Stored items from a collection

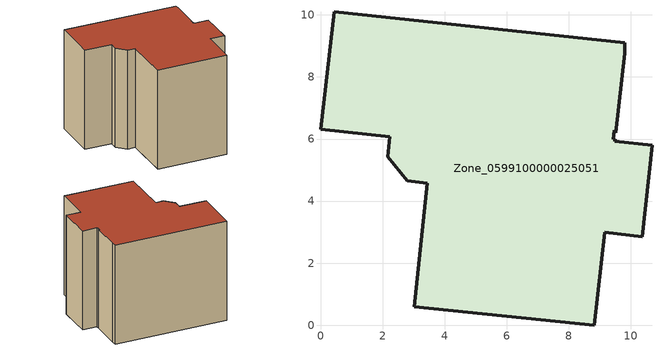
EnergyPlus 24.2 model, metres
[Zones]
Zone_0599100000025051
 floor ground (C_G): 9.49,5.99 9.48,5.92 10.68,5.79 10.36,2.85 9.16,2.99 8.82,0 3.02,0.6 3.44,4.58 2.8,4.65 2.17,5.43 2.23,6.07 0,6.32 0.44,10.1 9.79,9.09 9.79,8.77 9.51,6.21 9.47,6.28 9.44,6 z0
 wall outside (C_F): 10.68,5.79 9.48,5.92 9.49,5.99 9.44,6 9.47,6.28 9.51,6.21 9.79,8.77 9.79,9.09 0.44,10.1 0,6.32 2.23,6.07 2.17,5.43 2.8,4.65 3.44,4.58 3.02,0.6 8.82,0 9.16,2.99 10.36,2.85 10.68,5.79 z0:8.45
 roof outside (C_R): 9.48,5.92 9.49,5.99 9.44,6 9.47,6.28 9.51,6.21 9.79,8.77 9.79,9.09 0.44,10.1 0,6.32 2.23,6.07 2.17,5.43 2.8,4.65 3.44,4.58 3.02,0.6 8.82,0 9.16,2.99 10.36,2.85 10.68,5.79 z8.45
[BUILDING]
Pand.0599100000025051: North Axis=0; Terrain=City; Loads Convergence Tolerance Value=0.04; Temperature Convergence Tolerance Value=0.4; Solar Distribution=FullExterior; Maximum Number of Warmup Days=25; Minimum Number of Warmup Days=1
[Site:Location]
Rotterdam.The.Hague.AP_ZH_NLD Design_Conditions: Latitude=51.96; Longitude=4.45; Time Zone=1; Elevation=-4.5
[SITE:GROUNDTEMPERATURE:BUILDINGSURFACE]
18, 18, 18, 18, 18, 18, 18, 18, 18, 18, 18, 18
[MATERIAL] Thermal Absorptance=0.9; Solar Absorptance=0.7; Visible Absorptance=0.7
Name | Roughness | Thickness | Conductivity | Density | Specific Heat
G.TC.1975-1991 | MediumSmooth | 0.15 | 0.288461 | 540 | 1210
F.TC.1975-1991 | Rough | 0.3 | 0.230769 | 1920 | 840
R.TC.1975-1991 | MediumRough | 0.2 | 0.153846 | 1500 | 1000
[CONSTRUCTION]
C_G: G.TC.1975-1991
C_F: F.TC.1975-1991
C_R: R.TC.1975-1991
[ZONE]
Zone_0599100000025051: Type=1; Multiplier=1; Ceiling Height=Autocalculate; Volume=Autocalculate; Floor Area=autocalculate; Part of Total Floor Area=Yes
[ZONEINFILTRATION:DESIGNFLOWRATE]
Infil_Zone_0599100000025051: Zone or ZoneList or Space or SpaceList=Zone_0599100000025051; Schedule=AlwaysOn; Design Flow Rate Calculation Method=Flow/Area; Flow Rate per Floor Area=0.003; Constant Term Coefficient=1; Temperature Term Coefficient=0; Velocity Term Coefficient=0; Velocity Squared Term Coefficient=0
[HVACTEMPLATE:ZONE:IDEALLOADSAIRSYSTEM]
Zone_0599100000025051: Maximum Heating Supply Air Temperature=50; Minimum Cooling Supply Air Temperature=13; Maximum Heating Supply Air Humidity Ratio=0.0156; Minimum Cooling Supply Air Humidity Ratio=0.0077; Heating Limit=NoLimit; Cooling Limit=NoLimit; Dehumidification Control Type=ConstantSensibleHeatRatio; Cooling Sensible Heat Ratio=0.7; Dehumidification Setpoint=60; Humidification Control Type=None; Humidification Setpoint=30; Outdoor Air Method=None; Outdoor Air Flow Rate per Person=0.00944; Outdoor Air Flow Rate per Zone Floor Area=0; Outdoor Air Flow Rate per Zone=0; Demand Controlled Ventilation Type=None; Outdoor Air Economizer Type=NoEconomizer; Heat Recovery Type=None; Sensible Heat Recovery Effectiveness=0.7; Latent Heat Recovery Effectiveness=0.65
[ZONECONTROL:THERMOSTAT]
ThermostatControl_Zone_0599100000025051: Zone or ZoneList=Zone_0599100000025051; Control Type Schedule=DualSetpointControlType; Control 1=Thermostat_Zone_0599100000025051; Temperature Difference Between Cutout And Setpoint=0
[THERMOSTATSETPOINT:DUALSETPOINT]
Thermostat_Zone_0599100000025051: Heating Setpoint Temperature Schedule=HeatingSetpoint_Zone_0599100000025051; Cooling Setpoint Temperature Schedule=CoolingSetpoint_Zone_0599100000025051
[SCHEDULE:COMPACT]
HeatingSetpoint_Zone_0599100000025051: Through: 12/31, For: AllDays, Until: 24:00, 21
CoolingSetpoint_Zone_0599100000025051: Through: 12/31, For: AllDays, Until: 24:00, 24
DualSetpointControlType: Through: 12/31, For: AllDays, Until: 24:00, 4
AlwaysOn: Through: 12/31, For: AllDays, Until: 24:00, 1

### Work item:
In the entries above, the lines between the one holding "[MATERIAL] Thermal Absorptance=0.9;" and the one holding "[HVACTEMPLATE:ZONE:IDEALLOADSAIRSYSTEM]", inclusive, are to be printed exactly as written, and those alone.

### Result for this task:
[MATERIAL] Thermal Absorptance=0.9; Solar Absorptance=0.7; Visible Absorptance=0.7
Name | Roughness | Thickness | Conductivity | Density | Specific Heat
G.TC.1975-1991 | MediumSmooth | 0.15 | 0.288461 | 540 | 1210
F.TC.1975-1991 | Rough | 0.3 | 0.230769 | 1920 | 840
R.TC.1975-1991 | MediumRough | 0.2 | 0.153846 | 1500 | 1000
[CONSTRUCTION]
C_G: G.TC.1975-1991
C_F: F.TC.1975-1991
C_R: R.TC.1975-1991
[ZONE]
Zone_0599100000025051: Type=1; Multiplier=1; Ceiling Height=Autocalculate; Volume=Autocalculate; Floor Area=autocalculate; Part of Total Floor Area=Yes
[ZONEINFILTRATION:DESIGNFLOWRATE]
Infil_Zone_0599100000025051: Zone or ZoneList or Space or SpaceList=Zone_0599100000025051; Schedule=AlwaysOn; Design Flow Rate Calculation Method=Flow/Area; Flow Rate per Floor Area=0.003; Constant Term Coefficient=1; Temperature Term Coefficient=0; Velocity Term Coefficient=0; Velocity Squared Term Coefficient=0
[HVACTEMPLATE:ZONE:IDEALLOADSAIRSYSTEM]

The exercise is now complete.